Hacker News new | ask | show | jobs
by raphlinus 1816 days ago
In general spinlocks are a bad idea, but you do see them in contexts like decoupled look-back. As you say, thread granularity is a problem (unless you're on CUDA on Volta+ hardware, which has independent thread scheduling), so you want threadgroup or workgroup granularity.

In any case, I'm interested in pushing the boundaries of lock-free algorithms. It is of course easy to reason about kernel-{start/end} synchronization, but the granularity may be too coarse for some interesting applications.

1 comments

This is the first time I've heard of the term "decoupled look-back". But I see that it refers to CUB's implementation of device-wide scan.

I briefly looked at the code, and came across: https://github.com/NVIDIA/cub/blob/main/cub/agent/agent_scan...

I'm seeing lots of calls to "CTA_SYNC()", which ends up being just a "__syncthreads" (a simple thread-barrier). See: https://github.com/NVIDIA/cub/blob/a8910accebe74ce043a13026f...

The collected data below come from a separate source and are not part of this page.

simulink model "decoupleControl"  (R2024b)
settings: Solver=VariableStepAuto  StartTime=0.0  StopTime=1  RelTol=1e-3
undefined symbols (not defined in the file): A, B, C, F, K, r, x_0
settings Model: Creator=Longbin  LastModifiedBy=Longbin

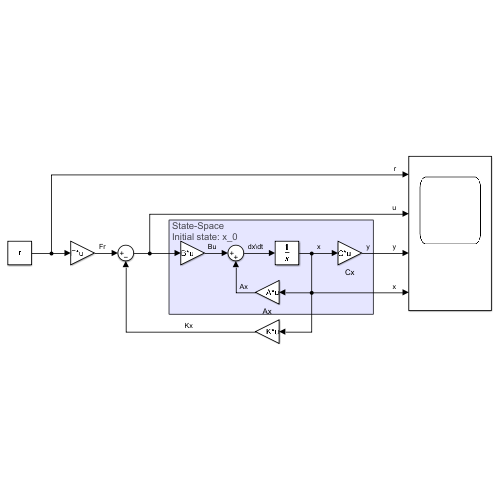
[thumbnail: Simulink's stored preview of the top-level diagram]
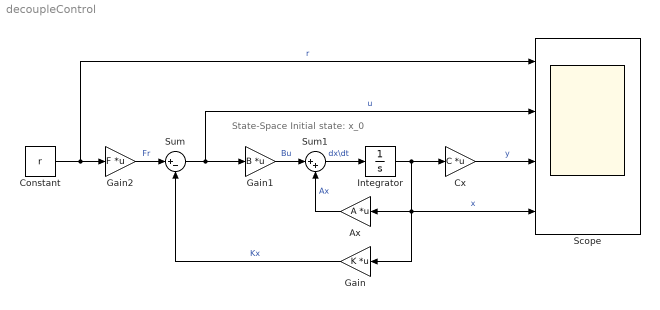
== system decoupleControl ==
  note: State-Space
      | Initial state: x_0
  Ax : Gain  Gain=A  Multiplication=Matrix(K*u)
  Constant : Constant  Value=r
  Cx : Gain  Gain=C  Multiplication=Matrix(K*u)
  Gain : Gain  Gain=K  Multiplication=Matrix(K*u)
  Gain1 : Gain  Gain=B  Multiplication=Matrix(K*u)
  Gain2 : Gain  Gain=F  Multiplication=Matrix(K*u)
  Integrator : Integrator  InitialCondition=x_0
  Scope : Scope  NumInputPorts=4
  Sum : Sum  Inputs=|+-
  Sum1 : Sum  Inputs=|++
  wires:
  Sum/1 -> Gain1/1, Scope/2  "u"
  Gain/1 -> Sum/2  "Kx"
  Ax/1 -> Sum1/2  "Ax"
  Gain1/1 -> Sum1/1  "Bu"
  Cx/1 -> Scope/3  "y"
  Sum1/1 -> Integrator/1  "dx\\dt"
  Integrator/1 -> Cx/1, Gain/1, Scope/4, Ax/1  "x"
  Constant/1 -> Gain2/1, Scope/1  "r"
  Gain2/1 -> Sum/1  "Fr"

I admit that I'm looking rather quickly though, but... I'm not exactly seeing where this mysterious "spinlock" is that you're talking about. I haven't tried very hard yet but maybe you can point out what code exactly in this device_scan / decoupled look-back uses a spinlock? Cause I'm just not seeing it.

----------

And of course: a call to cub's "device scan" is innately ordered to kernel-start / kernel-end. So there's your synchronization mechanism right there and then.

I don't think CUB is doing decoupled look-back, the reference you want is: https://research.nvidia.com/publication/single-pass-parallel...

It doesn't use the word "spin" but repeated polling (step 4 in the algorithm presented in section 4.1, particularly when the flag is X) is basically the same.

3rd paragraph:

> In this report, we describe the decoupled-lookback method of single-pass parallel prefix scan and its implementation within the open-source CUB library of GPU parallel primitives

The CUB-library also states:

https://nvlabs.github.io/cub/structcub_1_1_device_scan.html

>> As of CUB 1.0.1 (2013), CUB's device-wide scan APIs have implemented our "decoupled look-back" algorithm for performing global prefix scan with only a single pass through the input data, as described in our 2016 technical report [1]

Where [1] is a footnote pointing at the exact paper you just linked.

-----------

> It doesn't use the word "spin" but repeated polling (step 4 in the algorithm presented in section 4.1, particularly when the flag is X) is basically the same.

That certainly sounds spinlock-ish. At least that gives me what to look for in the code.

Ah, good then, I didn't know that, thanks for the cite. I haven't studied the CUB code on it carefully.